Structural mechanism of cytosolic DNA sensing by cGAS

Cytosolic DNA arising from intracellular bacterial or viral infections is a powerful pathogen-associated molecular pattern (PAMP) that leads to innate immune host defence by the production of type I interferon and inflammatory cytokines. Recognition of cytosolic DNA by the recently discovered cyclic-GMP-AMP (cGAMP) synthase (cGAS) induces the production of cGAMP to activate the stimulator of interferon genes (STING). Here we report the crystal structure of cGAS alone and in complex with DNA, ATP and GTP along with functional studies. Our results explain the broad DNA sensing specificity of cGAS, show how cGAS catalyses dinucleotide formation and indicate activation by a DNA-induced structural switch. cGAS possesses a remarkable structural similarity to the antiviral cytosolic double-stranded RNA sensor 2′-5′oligoadenylate synthase (OAS1), but contains a unique zinc thumb that recognizes B-form double-stranded DNA. Our results mechanistically unify dsRNA and dsDNA innate immune sensing by OAS1 and cGAS nucleotidyl transferases.
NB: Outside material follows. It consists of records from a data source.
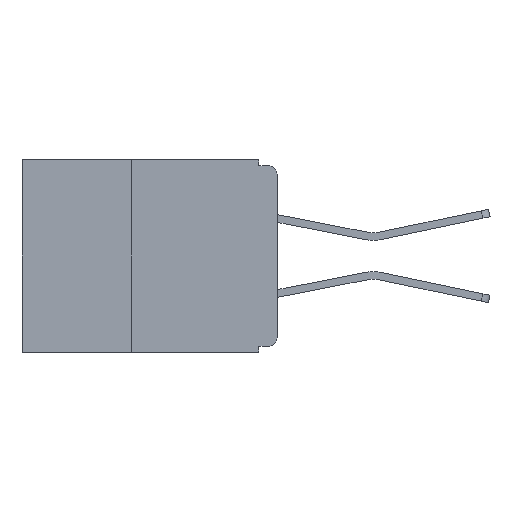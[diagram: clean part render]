
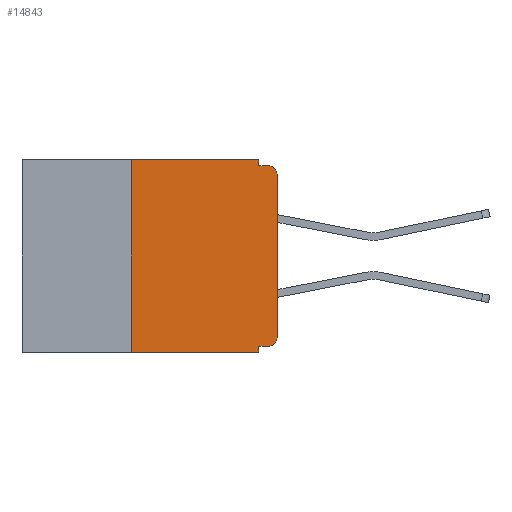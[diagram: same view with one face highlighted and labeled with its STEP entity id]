
A CAD part, left-side view. The second image highlights one B-rep face of the part: STEP entity #14843.
In plain terms, the highlighted planar face has unit normal (-1, 0, 0).
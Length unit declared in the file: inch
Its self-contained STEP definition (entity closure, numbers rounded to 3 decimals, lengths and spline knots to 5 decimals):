
#695 = CARTESIAN_POINT ( 'NONE',  ( 0., 0.25, 0. ) ) ;
#712 = FACE_OUTER_BOUND ( 'NONE', #9569, .T. ) ;
#920 = DIRECTION ( 'NONE',  ( 0., 0., -1. ) ) ;
#1046 = CARTESIAN_POINT ( 'NONE',  ( 0., 0.25, -0.33 ) ) ;
#1290 = DIRECTION ( 'NONE',  ( 0., 0., -1. ) ) ;
#1616 = EDGE_CURVE ( 'NONE', #6707, #9359, #21509, .T. ) ;
#1702 = CARTESIAN_POINT ( 'NONE',  ( 0., 0., -0.32 ) ) ;
#2967 = VECTOR ( 'NONE', #920, 39.37008 ) ;
#3378 = ORIENTED_EDGE ( 'NONE', *, *, #14714, .F. ) ;
#3509 = AXIS2_PLACEMENT_3D ( 'NONE', #5111, #5053, #6160 ) ;
#3546 = CARTESIAN_POINT ( 'NONE',  ( 0., 0., -0.305 ) ) ;
#3815 = LINE ( 'NONE', #7949, #22147 ) ;
#3963 = ORIENTED_EDGE ( 'NONE', *, *, #13526, .F. ) ;
#4669 = CARTESIAN_POINT ( 'NONE',  ( 0., 0.031, 0. ) ) ;
#5053 = DIRECTION ( 'NONE',  ( -1., 0., 0. ) ) ;
#5111 = CARTESIAN_POINT ( 'NONE',  ( 0., 0.015, -0.305 ) ) ;
#5230 = EDGE_CURVE ( 'NONE', #15273, #14860, #7882, .T. ) ;
#5331 = ORIENTED_EDGE ( 'NONE', *, *, #20723, .T. ) ;
#6160 = DIRECTION ( 'NONE',  ( 0., 0., -1. ) ) ;
#6183 = ORIENTED_EDGE ( 'NONE', *, *, #7661, .F. ) ;
#6633 = PLANE ( 'NONE',  #8210 ) ;
#6707 = VERTEX_POINT ( 'NONE', #9822 ) ;
#7114 = CARTESIAN_POINT ( 'NONE',  ( 0., 0.031, -0.01 ) ) ;
#7661 = EDGE_CURVE ( 'NONE', #6707, #23082, #17800, .T. ) ;
#7752 = LINE ( 'NONE', #13449, #2967 ) ;
#7882 = CIRCLE ( 'NONE', #18892, 0.015 ) ;
#7949 = CARTESIAN_POINT ( 'NONE',  ( 0., 0., 0. ) ) ;
#8066 = VERTEX_POINT ( 'NONE', #4669 ) ;
#8210 = AXIS2_PLACEMENT_3D ( 'NONE', #8429, #12109, #1290 ) ;
#8429 = CARTESIAN_POINT ( 'NONE',  ( 0., 0.437, 0. ) ) ;
#8475 = CARTESIAN_POINT ( 'NONE',  ( 0., 0.031, -0.33 ) ) ;
#8502 = CARTESIAN_POINT ( 'NONE',  ( 0., 0.015, -0.01 ) ) ;
#8566 = LINE ( 'NONE', #19208, #12856 ) ;
#8904 = DIRECTION ( 'NONE',  ( 0., 1., 0. ) ) ;
#9262 = ORIENTED_EDGE ( 'NONE', *, *, #12327, .T. ) ;
#9280 = VECTOR ( 'NONE', #20906, 39.37008 ) ;
#9359 = VERTEX_POINT ( 'NONE', #3546 ) ;
#9569 = EDGE_LOOP ( 'NONE', ( #5331, #20088, #12405, #3378, #12977, #3963, #9262, #19248, #6183, #12704 ) ) ;
#9812 = DIRECTION ( 'NONE',  ( 0., 0., 1. ) ) ;
#9822 = CARTESIAN_POINT ( 'NONE',  ( 0., 0.015, -0.32 ) ) ;
#10209 = VERTEX_POINT ( 'NONE', #695 ) ;
#10428 = CARTESIAN_POINT ( 'NONE',  ( 0., 0., -0.025 ) ) ;
#11125 = EDGE_CURVE ( 'NONE', #23082, #17204, #13551, .T. ) ;
#11220 = VECTOR ( 'NONE', #12319, 39.37008 ) ;
#11982 = CARTESIAN_POINT ( 'NONE',  ( 0., 0.437, -0.33 ) ) ;
#12109 = DIRECTION ( 'NONE',  ( 1., 0., 0. ) ) ;
#12319 = DIRECTION ( 'NONE',  ( 0., -1., 0. ) ) ;
#12327 = EDGE_CURVE ( 'NONE', #22197, #17204, #16748, .T. ) ;
#12405 = ORIENTED_EDGE ( 'NONE', *, *, #13703, .F. ) ;
#12704 = ORIENTED_EDGE ( 'NONE', *, *, #1616, .T. ) ;
#12856 = VECTOR ( 'NONE', #22735, 39.37008 ) ;
#12977 = ORIENTED_EDGE ( 'NONE', *, *, #20276, .F. ) ;
#13449 = CARTESIAN_POINT ( 'NONE',  ( 0., 0.031, 0. ) ) ;
#13526 = EDGE_CURVE ( 'NONE', #22197, #10209, #15119, .T. ) ;
#13551 = LINE ( 'NONE', #8475, #9280 ) ;
#13703 = EDGE_CURVE ( 'NONE', #19755, #14860, #20563, .T. ) ;
#14581 = VECTOR ( 'NONE', #15406, 39.37008 ) ;
#14714 = EDGE_CURVE ( 'NONE', #8066, #19755, #7752, .T. ) ;
#14763 = DIRECTION ( 'NONE',  ( 0., 0., -1. ) ) ;
#14805 = DIRECTION ( 'NONE',  ( -1., 0., 0. ) ) ;
#14809 = CARTESIAN_POINT ( 'NONE',  ( 0., 0.015, -0.025 ) ) ;
#14843 = ADVANCED_FACE ( 'NONE', ( #712 ), #6633, .F. ) ;
#14860 = VERTEX_POINT ( 'NONE', #8502 ) ;
#15119 = LINE ( 'NONE', #1046, #14581 ) ;
#15166 = CARTESIAN_POINT ( 'NONE',  ( 0., 0.031, -0.32 ) ) ;
#15273 = VERTEX_POINT ( 'NONE', #10428 ) ;
#15406 = DIRECTION ( 'NONE',  ( 0., 0., 1. ) ) ;
#15772 = CARTESIAN_POINT ( 'NONE',  ( 0., 0., -0.01 ) ) ;
#16179 = CARTESIAN_POINT ( 'NONE',  ( 0., 0.25, -0.33 ) ) ;
#16748 = LINE ( 'NONE', #11982, #22513 ) ;
#17204 = VERTEX_POINT ( 'NONE', #21325 ) ;
#17238 = VECTOR ( 'NONE', #8904, 39.37008 ) ;
#17800 = LINE ( 'NONE', #1702, #17238 ) ;
#18892 = AXIS2_PLACEMENT_3D ( 'NONE', #14809, #14805, #14763 ) ;
#19208 = CARTESIAN_POINT ( 'NONE',  ( 0., 0.437, 0. ) ) ;
#19248 = ORIENTED_EDGE ( 'NONE', *, *, #11125, .F. ) ;
#19755 = VERTEX_POINT ( 'NONE', #7114 ) ;
#20088 = ORIENTED_EDGE ( 'NONE', *, *, #5230, .T. ) ;
#20276 = EDGE_CURVE ( 'NONE', #10209, #8066, #8566, .T. ) ;
#20563 = LINE ( 'NONE', #15772, #11220 ) ;
#20723 = EDGE_CURVE ( 'NONE', #9359, #15273, #3815, .T. ) ;
#20906 = DIRECTION ( 'NONE',  ( 0., 0., -1. ) ) ;
#21325 = CARTESIAN_POINT ( 'NONE',  ( 0., 0.031, -0.33 ) ) ;
#21509 = CIRCLE ( 'NONE', #3509, 0.015 ) ;
#22147 = VECTOR ( 'NONE', #9812, 39.37008 ) ;
#22197 = VERTEX_POINT ( 'NONE', #16179 ) ;
#22402 = DIRECTION ( 'NONE',  ( 0., -1., 0. ) ) ;
#22513 = VECTOR ( 'NONE', #22402, 39.37008 ) ;
#22735 = DIRECTION ( 'NONE',  ( 0., -1., 0. ) ) ;
#23082 = VERTEX_POINT ( 'NONE', #15166 ) ;

Cytosolic DNA arising from intracellular bacterial or viral infections induces type I interferon through activation of the DNA sensor cGAS, which catalyses the synthesis of cyclic dinucleotide which in turn activates STING; here the crystal structures of a carboxy-terminal fragment of cGAS alone and in complex with UTP and DNA–ATP–GTP complex are determined. DNA sensing by cGAS The mechanism of sensing and signalling of cytosolic DNA by the innate immune system is a topic of intense research interest as it is the means by which invading bacteria and viruses are detected. Cytosolic DNA is known to induce type I interferon through activation of the DNA sensor cyclic-GMP-AMP synthetase (cGAS), which catalyses the synthesis of a cyclic dinucleotide which in turn activates a protein known as STING (stimulator of interferon genes). Karl-Peter Hopfner and co-workers present the crystal structures of a C-terminal fragment of cGAS alone, in complex with UTP, and as a DNA–ATP–GTP complex. In a complementary paper [in this issue], Veit Hornung and coworkers show that the product of cGAS is distinct from previously characterized cyclic dinucleotides. Rather it is an unorthodox cyclic dinucleotide with a 2′–5′ linkage between guanosine and adenosine. This two-step synthesis of cGAMP(2′–5′) could be a focus for the development of specific inhibitors for the treatment of autoimmune diseases that engage the cGAS–STING axis.